The Quality Control Lead will serve as point of contact for commercial product complaints and post-market product vigilant monitoring processes. Receive, initiate, investigate and conclude product complaint investigations using the current product complaints management mailbox and software.
KEY RESPONSIBILITIES
* Coordinate all aspects of investigation through to closure and/or provide oversight for complaint handling process.
* Apply departmental procedures to assess product complaints' impact on patient safety and product quality compliance.
* Assess product complaints and determine if escalation is required due to potential regulatory notification requirements.
* Interface and collaborate with various departments including the OpUs, External Supply, Quality Assurance, Regulatory, Development, Safety/Pharmacovigilance, etc. and the regional organisation. Interface with external stakeholders such as CMO, Call Centres and vendors/contractors on product complaint issues.

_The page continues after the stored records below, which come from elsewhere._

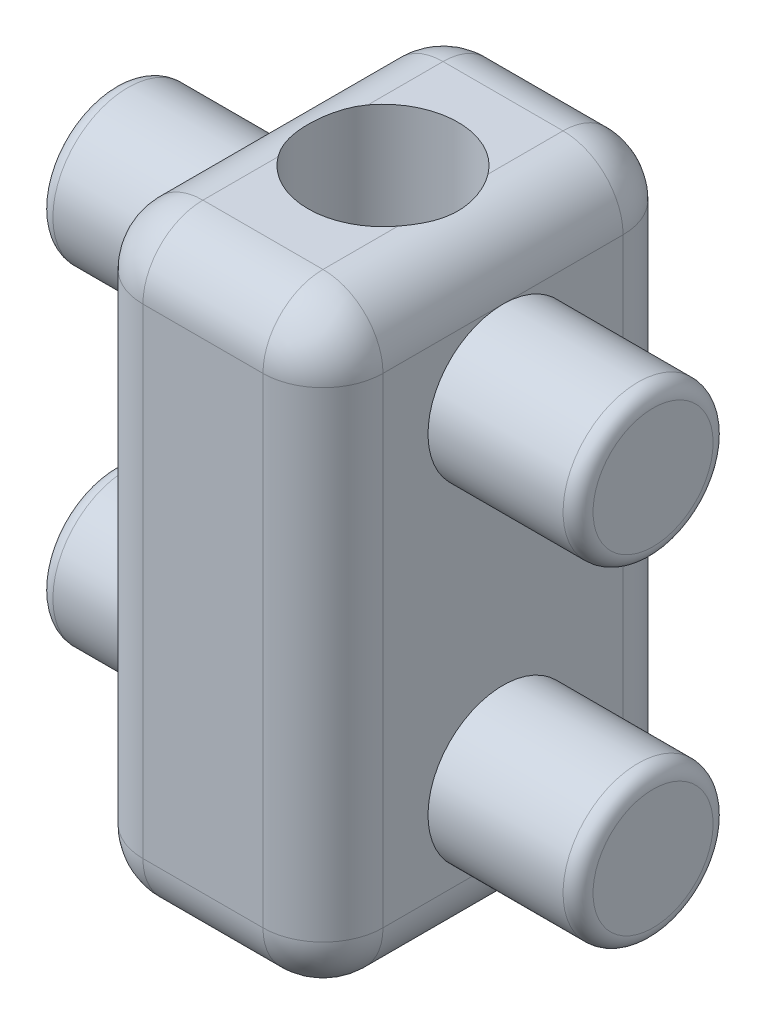
ISO-10303-21;
HEADER;
FILE_DESCRIPTION(('STEP AP214'),'2;1');
FILE_NAME('part.step','',(''),(''),'','','');
FILE_SCHEMA(('AUTOMOTIVE_DESIGN { 1 0 10303 214 1 1 1 1 }'));
ENDSEC;
DATA;
#1=APPLICATION_CONTEXT('core data for automotive mechanical design processes');
#2=APPLICATION_PROTOCOL_DEFINITION('international standard','automotive_design',2000,#1);
#3=PRODUCT_CONTEXT('',#1,'mechanical');
#4=PRODUCT('Part','Part','',(#3));
#5=PRODUCT_RELATED_PRODUCT_CATEGORY('part','',(#4));
#6=PRODUCT_DEFINITION_FORMATION('','',#4);
#7=PRODUCT_DEFINITION_CONTEXT('part definition',#1,'design');
#8=PRODUCT_DEFINITION('design','',#6,#7);
#9=PRODUCT_DEFINITION_SHAPE('','',#8);
#10=(LENGTH_UNIT() NAMED_UNIT(*) SI_UNIT(.MILLI.,.METRE.));
#11=(NAMED_UNIT(*) PLANE_ANGLE_UNIT() SI_UNIT($,.RADIAN.));
#12=(NAMED_UNIT(*) SI_UNIT($,.STERADIAN.) SOLID_ANGLE_UNIT());
#13=UNCERTAINTY_MEASURE_WITH_UNIT(LENGTH_MEASURE(1.E-05),#10,'distance_accuracy_value','');
#14=(GEOMETRIC_REPRESENTATION_CONTEXT(3) GLOBAL_UNCERTAINTY_ASSIGNED_CONTEXT((#13)) GLOBAL_UNIT_ASSIGNED_CONTEXT((#10,
#11,#12)) REPRESENTATION_CONTEXT('',''));
#15=CARTESIAN_POINT('',(0.,0.,0.));
#16=DIRECTION('',(0.,0.,1.));
#17=DIRECTION('',(1.,0.,0.));
#18=AXIS2_PLACEMENT_3D('',#15,#16,#17);
#19=CARTESIAN_POINT('',(-11.43,12.7,-12.7));
#20=DIRECTION('',(0.,-1.,0.));
#21=DIRECTION('',(0.,0.,-1.));
#22=AXIS2_PLACEMENT_3D('',#19,#20,#21);
#23=PLANE('',#22);
#24=DIRECTION('',(0.,0.,1.));
#25=VECTOR('',#24,1.);
#26=CARTESIAN_POINT('',(2.54,12.7,7.62));
#27=LINE('',#26,#25);
#28=CARTESIAN_POINT('',(2.54,12.7,5.08));
#29=VERTEX_POINT('',#28);
#30=CARTESIAN_POINT('',(2.54,12.7,1.905));
#31=VERTEX_POINT('',#30);
#32=EDGE_CURVE('E156',#29,#31,#27,.F.);
#33=ORIENTED_EDGE('',*,*,#32,.T.);
#34=CARTESIAN_POINT('',(0.,12.7,0.));
#35=DIRECTION('',(0.,-1.,0.));
#36=DIRECTION('',(0.,0.,-1.));
#37=AXIS2_PLACEMENT_3D('',#34,#35,#36);
#38=CIRCLE('',#37,3.175);
#39=CARTESIAN_POINT('',(-2.54,12.7,1.905));
#40=VERTEX_POINT('',#39);
#41=EDGE_CURVE('E11',#31,#40,#38,.T.);
#42=ORIENTED_EDGE('',*,*,#41,.T.);
#43=DIRECTION('',(0.,0.,1.));
#44=VECTOR('',#43,1.);
#45=CARTESIAN_POINT('',(-2.54,12.7,7.62));
#46=LINE('',#45,#44);
#47=CARTESIAN_POINT('',(-2.54,12.7,5.08));
#48=VERTEX_POINT('',#47);
#49=EDGE_CURVE('E172',#40,#48,#46,.T.);
#50=ORIENTED_EDGE('',*,*,#49,.T.);
#51=DIRECTION('',(-1.,0.,0.));
#52=VECTOR('',#51,1.);
#53=CARTESIAN_POINT('',(5.08,12.7,5.08));
#54=LINE('',#53,#52);
#55=EDGE_CURVE('E162',#48,#29,#54,.F.);
#56=ORIENTED_EDGE('',*,*,#55,.T.);
#57=EDGE_LOOP('',(#33,#42,#50,#56));
#58=FACE_BOUND('',#57,.T.);
#59=ADVANCED_FACE('F34',(#58),#23,.F.);
#60=CARTESIAN_POINT('',(5.08,0.,0.));
#61=DIRECTION('',(-1.,0.,0.));
#62=DIRECTION('',(0.,0.,1.));
#63=AXIS2_PLACEMENT_3D('',#60,#61,#62);
#64=PLANE('',#63);
#65=DIRECTION('',(0.,0.,-1.));
#66=VECTOR('',#65,1.);
#67=CARTESIAN_POINT('',(5.08,-10.16,0.));
#68=LINE('',#67,#66);
#69=CARTESIAN_POINT('',(5.08,-10.16,5.08));
#70=VERTEX_POINT('',#69);
#71=CARTESIAN_POINT('',(5.08,-10.16,0.));
#72=VERTEX_POINT('',#71);
#73=EDGE_CURVE('E202',#70,#72,#68,.T.);
#74=ORIENTED_EDGE('',*,*,#73,.T.);
#75=CARTESIAN_POINT('',(5.08,-6.985,0.));
#76=DIRECTION('',(1.,0.,0.));
#77=DIRECTION('',(0.,0.,-1.));
#78=AXIS2_PLACEMENT_3D('',#75,#76,#77);
#79=CIRCLE('',#78,3.175);
#80=EDGE_CURVE('E746',#72,#72,#79,.T.);
#81=ORIENTED_EDGE('',*,*,#80,.F.);
#82=CARTESIAN_POINT('',(5.08,-10.16,-5.08));
#83=VERTEX_POINT('',#82);
#84=EDGE_CURVE('E201',#72,#83,#68,.T.);
#85=ORIENTED_EDGE('',*,*,#84,.T.);
#86=DIRECTION('',(0.,1.,0.));
#87=VECTOR('',#86,1.);
#88=CARTESIAN_POINT('',(5.08,0.,-5.08));
#89=LINE('',#88,#87);
#90=CARTESIAN_POINT('',(5.08,10.16,-5.08));
#91=VERTEX_POINT('',#90);
#92=EDGE_CURVE('E195',#83,#91,#89,.T.);
#93=ORIENTED_EDGE('',*,*,#92,.T.);
#94=DIRECTION('',(0.,0.,1.));
#95=VECTOR('',#94,1.);
#96=CARTESIAN_POINT('',(5.08,10.16,0.));
#97=LINE('',#96,#95);
#98=CARTESIAN_POINT('',(5.08,10.16,0.));
#99=VERTEX_POINT('',#98);
#100=EDGE_CURVE('E198',#91,#99,#97,.T.);
#101=ORIENTED_EDGE('',*,*,#100,.T.);
#102=CARTESIAN_POINT('',(5.08,6.985,0.));
#103=DIRECTION('',(1.,0.,0.));
#104=DIRECTION('',(0.,0.,-1.));
#105=AXIS2_PLACEMENT_3D('',#102,#103,#104);
#106=CIRCLE('',#105,3.175);
#107=EDGE_CURVE('E208',#99,#99,#106,.T.);
#108=ORIENTED_EDGE('',*,*,#107,.F.);
#109=CARTESIAN_POINT('',(5.08,10.16,5.08));
#110=VERTEX_POINT('',#109);
#111=EDGE_CURVE('E197',#99,#110,#97,.T.);
#112=ORIENTED_EDGE('',*,*,#111,.T.);
#113=DIRECTION('',(0.,-1.,0.));
#114=VECTOR('',#113,1.);
#115=CARTESIAN_POINT('',(5.08,0.,5.08));
#116=LINE('',#115,#114);
#117=EDGE_CURVE('E57',#110,#70,#116,.T.);
#118=ORIENTED_EDGE('',*,*,#117,.T.);
#119=EDGE_LOOP('',(#74,#81,#85,#93,#101,#108,#112,#118));
#120=FACE_BOUND('',#119,.T.);
#121=ADVANCED_FACE('F364',(#120),#64,.F.);
#122=CARTESIAN_POINT('',(5.08,-12.7,-7.62));
#123=DIRECTION('',(0.,0.,1.));
#124=DIRECTION('',(1.,0.,0.));
#125=AXIS2_PLACEMENT_3D('',#122,#123,#124);
#126=PLANE('',#125);
#127=DIRECTION('',(-1.,0.,0.));
#128=VECTOR('',#127,1.);
#129=CARTESIAN_POINT('',(5.08,-10.16,-7.62));
#130=LINE('',#129,#128);
#131=CARTESIAN_POINT('',(2.54,-10.16,-7.62));
#132=VERTEX_POINT('',#131);
#133=CARTESIAN_POINT('',(-2.54,-10.16,-7.62));
#134=VERTEX_POINT('',#133);
#135=EDGE_CURVE('E756',#132,#134,#130,.T.);
#136=ORIENTED_EDGE('',*,*,#135,.T.);
#137=DIRECTION('',(0.,1.,0.));
#138=VECTOR('',#137,1.);
#139=CARTESIAN_POINT('',(-2.54,12.7,-7.62));
#140=LINE('',#139,#138);
#141=CARTESIAN_POINT('',(-2.54,10.16,-7.62));
#142=VERTEX_POINT('',#141);
#143=EDGE_CURVE('E759',#134,#142,#140,.T.);
#144=ORIENTED_EDGE('',*,*,#143,.T.);
#145=DIRECTION('',(-1.,0.,0.));
#146=VECTOR('',#145,1.);
#147=CARTESIAN_POINT('',(5.08,10.16,-7.62));
#148=LINE('',#147,#146);
#149=CARTESIAN_POINT('',(2.54,10.16,-7.62));
#150=VERTEX_POINT('',#149);
#151=EDGE_CURVE('E754',#142,#150,#148,.F.);
#152=ORIENTED_EDGE('',*,*,#151,.T.);
#153=DIRECTION('',(0.,1.,0.));
#154=VECTOR('',#153,1.);
#155=CARTESIAN_POINT('',(2.54,-12.7,-7.62));
#156=LINE('',#155,#154);
#157=EDGE_CURVE('E275',#150,#132,#156,.F.);
#158=ORIENTED_EDGE('',*,*,#157,.T.);
#159=EDGE_LOOP('',(#136,#144,#152,#158));
#160=FACE_BOUND('',#159,.T.);
#161=ADVANCED_FACE('F367',(#160),#126,.F.);
#162=CARTESIAN_POINT('',(5.08,-12.7,7.62));
#163=DIRECTION('',(0.,0.,-1.));
#164=DIRECTION('',(-1.,0.,0.));
#165=AXIS2_PLACEMENT_3D('',#162,#163,#164);
#166=PLANE('',#165);
#167=DIRECTION('',(-1.,0.,0.));
#168=VECTOR('',#167,1.);
#169=CARTESIAN_POINT('',(5.08,10.16,7.62));
#170=LINE('',#169,#168);
#171=CARTESIAN_POINT('',(2.54,10.16,7.62));
#172=VERTEX_POINT('',#171);
#173=CARTESIAN_POINT('',(-2.54,10.16,7.62));
#174=VERTEX_POINT('',#173);
#175=EDGE_CURVE('E180',#172,#174,#170,.T.);
#176=ORIENTED_EDGE('',*,*,#175,.T.);
#177=DIRECTION('',(0.,-1.,0.));
#178=VECTOR('',#177,1.);
#179=CARTESIAN_POINT('',(-2.54,-12.7,7.62));
#180=LINE('',#179,#178);
#181=CARTESIAN_POINT('',(-2.54,-10.16,7.62));
#182=VERTEX_POINT('',#181);
#183=EDGE_CURVE('E183',#174,#182,#180,.T.);
#184=ORIENTED_EDGE('',*,*,#183,.T.);
#185=DIRECTION('',(-1.,0.,0.));
#186=VECTOR('',#185,1.);
#187=CARTESIAN_POINT('',(5.08,-10.16,7.62));
#188=LINE('',#187,#186);
#189=CARTESIAN_POINT('',(2.54,-10.16,7.62));
#190=VERTEX_POINT('',#189);
#191=EDGE_CURVE('E178',#182,#190,#188,.F.);
#192=ORIENTED_EDGE('',*,*,#191,.T.);
#193=DIRECTION('',(0.,-1.,0.));
#194=VECTOR('',#193,1.);
#195=CARTESIAN_POINT('',(2.54,-12.7,7.62));
#196=LINE('',#195,#194);
#197=EDGE_CURVE('E176',#190,#172,#196,.F.);
#198=ORIENTED_EDGE('',*,*,#197,.T.);
#199=EDGE_LOOP('',(#176,#184,#192,#198));
#200=FACE_BOUND('',#199,.T.);
#201=ADVANCED_FACE('F376',(#200),#166,.F.);
#202=CARTESIAN_POINT('',(5.08,-12.7,7.62));
#203=DIRECTION('',(0.,1.,0.));
#204=DIRECTION('',(0.,0.,1.));
#205=AXIS2_PLACEMENT_3D('',#202,#203,#204);
#206=PLANE('',#205);
#207=DIRECTION('',(-1.,0.,0.));
#208=VECTOR('',#207,1.);
#209=CARTESIAN_POINT('',(5.08,-12.7,5.08));
#210=LINE('',#209,#208);
#211=CARTESIAN_POINT('',(2.54,-12.7,5.08));
#212=VERTEX_POINT('',#211);
#213=CARTESIAN_POINT('',(-2.54,-12.7,5.08));
#214=VERTEX_POINT('',#213);
#215=EDGE_CURVE('E763',#212,#214,#210,.T.);
#216=ORIENTED_EDGE('',*,*,#215,.T.);
#217=DIRECTION('',(0.,0.,-1.));
#218=VECTOR('',#217,1.);
#219=CARTESIAN_POINT('',(-2.54,-12.7,-7.62));
#220=LINE('',#219,#218);
#221=CARTESIAN_POINT('',(-2.54,-12.7,-5.08));
#222=VERTEX_POINT('',#221);
#223=EDGE_CURVE('E167',#214,#222,#220,.T.);
#224=ORIENTED_EDGE('',*,*,#223,.T.);
#225=DIRECTION('',(-1.,0.,0.));
#226=VECTOR('',#225,1.);
#227=CARTESIAN_POINT('',(5.08,-12.7,-5.08));
#228=LINE('',#227,#226);
#229=CARTESIAN_POINT('',(2.54,-12.7,-5.08));
#230=VERTEX_POINT('',#229);
#231=EDGE_CURVE('E764',#222,#230,#228,.F.);
#232=ORIENTED_EDGE('',*,*,#231,.T.);
#233=DIRECTION('',(0.,0.,-1.));
#234=VECTOR('',#233,1.);
#235=CARTESIAN_POINT('',(2.54,-12.7,7.62));
#236=LINE('',#235,#234);
#237=EDGE_CURVE('E761',#230,#212,#236,.F.);
#238=ORIENTED_EDGE('',*,*,#237,.T.);
#239=EDGE_LOOP('',(#216,#224,#232,#238));
#240=FACE_BOUND('',#239,.T.);
#241=ADVANCED_FACE('F372',(#240),#206,.F.);
#242=CARTESIAN_POINT('',(-5.08,0.,0.));
#243=DIRECTION('',(-1.,0.,0.));
#244=DIRECTION('',(0.,0.,1.));
#245=AXIS2_PLACEMENT_3D('',#242,#243,#244);
#246=PLANE('',#245);
#247=DIRECTION('',(0.,0.,-1.));
#248=VECTOR('',#247,1.);
#249=CARTESIAN_POINT('',(-5.08,-10.16,7.62));
#250=LINE('',#249,#248);
#251=CARTESIAN_POINT('',(-5.08,-10.16,-5.08));
#252=VERTEX_POINT('',#251);
#253=CARTESIAN_POINT('',(-5.08,-10.16,0.));
#254=VERTEX_POINT('',#253);
#255=EDGE_CURVE('E188',#252,#254,#250,.F.);
#256=ORIENTED_EDGE('',*,*,#255,.T.);
#257=CARTESIAN_POINT('',(-5.08,-6.985,0.));
#258=DIRECTION('',(1.,0.,0.));
#259=DIRECTION('',(0.,0.,-1.));
#260=AXIS2_PLACEMENT_3D('',#257,#258,#259);
#261=CIRCLE('',#260,3.175);
#262=EDGE_CURVE('E159',#254,#254,#261,.T.);
#263=ORIENTED_EDGE('',*,*,#262,.T.);
#264=CARTESIAN_POINT('',(-5.08,-10.16,5.08));
#265=VERTEX_POINT('',#264);
#266=EDGE_CURVE('E187',#254,#265,#250,.F.);
#267=ORIENTED_EDGE('',*,*,#266,.T.);
#268=DIRECTION('',(0.,-1.,0.));
#269=VECTOR('',#268,1.);
#270=CARTESIAN_POINT('',(-5.08,12.7,5.08));
#271=LINE('',#270,#269);
#272=CARTESIAN_POINT('',(-5.08,10.16,5.08));
#273=VERTEX_POINT('',#272);
#274=EDGE_CURVE('E190',#265,#273,#271,.F.);
#275=ORIENTED_EDGE('',*,*,#274,.T.);
#276=DIRECTION('',(0.,0.,1.));
#277=VECTOR('',#276,1.);
#278=CARTESIAN_POINT('',(-5.08,10.16,-7.62));
#279=LINE('',#278,#277);
#280=CARTESIAN_POINT('',(-5.08,10.16,0.));
#281=VERTEX_POINT('',#280);
#282=EDGE_CURVE('E193',#273,#281,#279,.F.);
#283=ORIENTED_EDGE('',*,*,#282,.T.);
#284=CARTESIAN_POINT('',(-5.08,6.985,0.));
#285=DIRECTION('',(1.,0.,0.));
#286=DIRECTION('',(0.,0.,-1.));
#287=AXIS2_PLACEMENT_3D('',#284,#285,#286);
#288=CIRCLE('',#287,3.175);
#289=EDGE_CURVE('E744',#281,#281,#288,.T.);
#290=ORIENTED_EDGE('',*,*,#289,.T.);
#291=CARTESIAN_POINT('',(-5.08,10.16,-5.08));
#292=VERTEX_POINT('',#291);
#293=EDGE_CURVE('E192',#281,#292,#279,.F.);
#294=ORIENTED_EDGE('',*,*,#293,.T.);
#295=DIRECTION('',(0.,1.,0.));
#296=VECTOR('',#295,1.);
#297=CARTESIAN_POINT('',(-5.08,-12.7,-5.08));
#298=LINE('',#297,#296);
#299=EDGE_CURVE('E185',#292,#252,#298,.F.);
#300=ORIENTED_EDGE('',*,*,#299,.T.);
#301=EDGE_LOOP('',(#256,#263,#267,#275,#283,#290,#294,#300));
#302=FACE_BOUND('',#301,.T.);
#303=ADVANCED_FACE('F368',(#302),#246,.T.);
#304=CARTESIAN_POINT('',(5.08,10.16,5.08));
#305=DIRECTION('',(-1.,0.,0.));
#306=DIRECTION('',(0.,0.,1.));
#307=AXIS2_PLACEMENT_3D('',#304,#305,#306);
#308=CYLINDRICAL_SURFACE('',#307,2.54);
#309=CARTESIAN_POINT('',(2.54,10.16,5.08));
#310=DIRECTION('',(1.,0.,0.));
#311=DIRECTION('',(0.,0.,-1.));
#312=AXIS2_PLACEMENT_3D('',#309,#310,#311);
#313=CIRCLE('',#312,2.54);
#314=EDGE_CURVE('E272',#29,#172,#313,.T.);
#315=ORIENTED_EDGE('',*,*,#314,.F.);
#316=ORIENTED_EDGE('',*,*,#55,.F.);
#317=CARTESIAN_POINT('',(-2.54,10.16,5.08));
#318=DIRECTION('',(-1.,0.,0.));
#319=DIRECTION('',(0.,0.,1.));
#320=AXIS2_PLACEMENT_3D('',#317,#318,#319);
#321=CIRCLE('',#320,2.54);
#322=EDGE_CURVE('E269',#174,#48,#321,.T.);
#323=ORIENTED_EDGE('',*,*,#322,.F.);
#324=ORIENTED_EDGE('',*,*,#175,.F.);
#325=EDGE_LOOP('',(#315,#316,#323,#324));
#326=FACE_BOUND('',#325,.T.);
#327=ADVANCED_FACE('F371',(#326),#308,.T.);
#328=CARTESIAN_POINT('',(2.54,10.16,5.08));
#329=DIRECTION('',(0.,0.,1.));
#330=DIRECTION('',(1.,0.,0.));
#331=AXIS2_PLACEMENT_3D('',#328,#329,#330);
#332=SPHERICAL_SURFACE('',#331,2.54);
#333=CARTESIAN_POINT('',(2.54,10.16,5.08));
#334=DIRECTION('',(0.,0.,1.));
#335=DIRECTION('',(1.,0.,0.));
#336=AXIS2_PLACEMENT_3D('',#333,#334,#335);
#337=CIRCLE('',#336,2.54);
#338=EDGE_CURVE('E264',#29,#110,#337,.F.);
#339=ORIENTED_EDGE('',*,*,#338,.F.);
#340=ORIENTED_EDGE('',*,*,#314,.T.);
#341=CARTESIAN_POINT('',(2.54,10.16,5.08));
#342=DIRECTION('',(0.,1.,0.));
#343=DIRECTION('',(0.,0.,1.));
#344=AXIS2_PLACEMENT_3D('',#341,#342,#343);
#345=CIRCLE('',#344,2.54);
#346=EDGE_CURVE('E266',#110,#172,#345,.F.);
#347=ORIENTED_EDGE('',*,*,#346,.F.);
#348=EDGE_LOOP('',(#339,#340,#347));
#349=FACE_BOUND('',#348,.T.);
#350=ADVANCED_FACE('F468',(#349),#332,.T.);
#351=CARTESIAN_POINT('',(-2.54,10.16,5.08));
#352=DIRECTION('',(0.,0.,1.));
#353=DIRECTION('',(1.,0.,0.));
#354=AXIS2_PLACEMENT_3D('',#351,#352,#353);
#355=SPHERICAL_SURFACE('',#354,2.54);
#356=CARTESIAN_POINT('',(-2.54,10.16,5.08));
#357=DIRECTION('',(0.,1.,0.));
#358=DIRECTION('',(0.,0.,1.));
#359=AXIS2_PLACEMENT_3D('',#356,#357,#358);
#360=CIRCLE('',#359,2.54);
#361=EDGE_CURVE('E258',#174,#273,#360,.F.);
#362=ORIENTED_EDGE('',*,*,#361,.F.);
#363=ORIENTED_EDGE('',*,*,#322,.T.);
#364=CARTESIAN_POINT('',(-2.54,10.16,5.08));
#365=DIRECTION('',(0.,0.,1.));
#366=DIRECTION('',(1.,0.,0.));
#367=AXIS2_PLACEMENT_3D('',#364,#365,#366);
#368=CIRCLE('',#367,2.54);
#369=EDGE_CURVE('E261',#273,#48,#368,.F.);
#370=ORIENTED_EDGE('',*,*,#369,.F.);
#371=EDGE_LOOP('',(#362,#363,#370));
#372=FACE_BOUND('',#371,.T.);
#373=ADVANCED_FACE('F477',(#372),#355,.T.);
#374=CARTESIAN_POINT('',(2.54,0.,5.08));
#375=DIRECTION('',(0.,-1.,0.));
#376=DIRECTION('',(0.,0.,-1.));
#377=AXIS2_PLACEMENT_3D('',#374,#375,#376);
#378=CYLINDRICAL_SURFACE('',#377,2.54);
#379=ORIENTED_EDGE('',*,*,#346,.T.);
#380=ORIENTED_EDGE('',*,*,#197,.F.);
#381=CARTESIAN_POINT('',(2.54,-10.16,5.08));
#382=DIRECTION('',(0.,-1.,0.));
#383=DIRECTION('',(0.,0.,-1.));
#384=AXIS2_PLACEMENT_3D('',#381,#382,#383);
#385=CIRCLE('',#384,2.54);
#386=EDGE_CURVE('E252',#70,#190,#385,.T.);
#387=ORIENTED_EDGE('',*,*,#386,.F.);
#388=ORIENTED_EDGE('',*,*,#117,.F.);
#389=EDGE_LOOP('',(#379,#380,#387,#388));
#390=FACE_BOUND('',#389,.T.);
#391=ADVANCED_FACE('F485',(#390),#378,.T.);
#392=CARTESIAN_POINT('',(2.54,10.16,0.));
#393=DIRECTION('',(0.,0.,1.));
#394=DIRECTION('',(1.,0.,0.));
#395=AXIS2_PLACEMENT_3D('',#392,#393,#394);
#396=CYLINDRICAL_SURFACE('',#395,2.54);
#397=CARTESIAN_POINT('',(2.54,12.7,1.905));
#398=CARTESIAN_POINT('',(2.5930144747761,12.6999862252163,1.83433008024039));
#399=CARTESIAN_POINT('',(2.64304418780027,12.6983400949674,1.76146316158012));
#400=CARTESIAN_POINT('',(2.73681256754995,12.6928023717573,1.61190923242004));
#401=CARTESIAN_POINT('',(2.78055403974719,12.6889117840593,1.5352239461572));
#402=CARTESIAN_POINT('',(2.86150406932594,12.6798990340502,1.37848165114559));
#403=CARTESIAN_POINT('',(2.89870748689939,12.6747759102249,1.29842205047689));
#404=CARTESIAN_POINT('',(2.96631988606513,12.6642012790137,1.13549535037719));
#405=CARTESIAN_POINT('',(2.99672819686997,12.6587497392752,1.05262797470223));
#406=CARTESIAN_POINT('',(3.05054069604224,12.6483126113036,0.88464818978456));
#407=CARTESIAN_POINT('',(3.0739470624711,12.6433268785069,0.799536487656744));
#408=CARTESIAN_POINT('',(3.1136022125579,12.6344684587865,0.627605400580466));
#409=CARTESIAN_POINT('',(3.12985126443965,12.6305957301544,0.540786079753235));
#410=CARTESIAN_POINT('',(3.15504934782979,12.624443734051,0.366145178129403));
#411=CARTESIAN_POINT('',(3.16400731259552,12.6221625171033,0.278324957914515));
#412=CARTESIAN_POINT('',(3.17458002225839,12.6194589557401,0.102214919682188));
#413=CARTESIAN_POINT('',(3.17619487430703,12.6190365842002,0.0139251085358922));
#414=CARTESIAN_POINT('',(3.17208089299991,12.6200971385345,-0.161895069374409));
#415=CARTESIAN_POINT('',(3.16639983447211,12.6215676695157,-0.249426636477158));
#416=CARTESIAN_POINT('',(3.14782483185976,12.6262198130967,-0.423675780026822));
#417=CARTESIAN_POINT('',(3.13493069870951,12.6294014705478,-0.510393335076655));
#418=CARTESIAN_POINT('',(3.10201816982114,12.6370992435227,-0.682489232509958));
#419=CARTESIAN_POINT('',(3.08199288994507,12.6416166478083,-0.767866197293173));
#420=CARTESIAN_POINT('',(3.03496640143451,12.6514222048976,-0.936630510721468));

* Assure that all product complaints are investigated to the appropriate level within the required timeline.
* Send customer response letters where required.
* Support the departmental complaint management process through attendance of meetings to ensure on time closure of complaints.
* Support line manager to meet business needs.
* Represent Takeda as the Subject Matter Expert (SME) for the product complaints in your name during Internal, External and Regulatory Body Inspections.
* Drive continuous Improvement to ensure a lean and compliant process.
RELEVANT EXPERIENCE
* Bachelor's degree with a minimum of 5-9 years of experience in Quality Assurance or a GMP related field within Medical device, biotechnology or pharmaceutical manufacturing, or equivalent.
* Working knowledge of cGMPs and other regulatory requirements governing combination drugs and device products.
* Knowledge of EU/ FDA cGMP requirements pertaining to drug/device product complaints reporting and investigation.
SKILLS/COMPETENCIES
* Desirable experiences: combination working experiences in product complaints handling, deviation management, CAPAs, quality compliance investigations, risk management, and cGMP audits.
* Good understanding of the manufacture of combination products and the linkage to customer complaints.
* Strong attention to detail, good organizational skills and well-structured.
* Has a systematic way of working, prioritizing tasks based on risk or criticality - seeking effective solutions within the complexity that surrounds product complaints.
* Excellent troubleshooting and problem-solving skills.
* Skill in writing investigation summaries or reports and complaint responses.
* Independent, organized and able to schedule work without supervision to meet schedule deadlines.
* Ability to work independently as well be an effective team member and leader.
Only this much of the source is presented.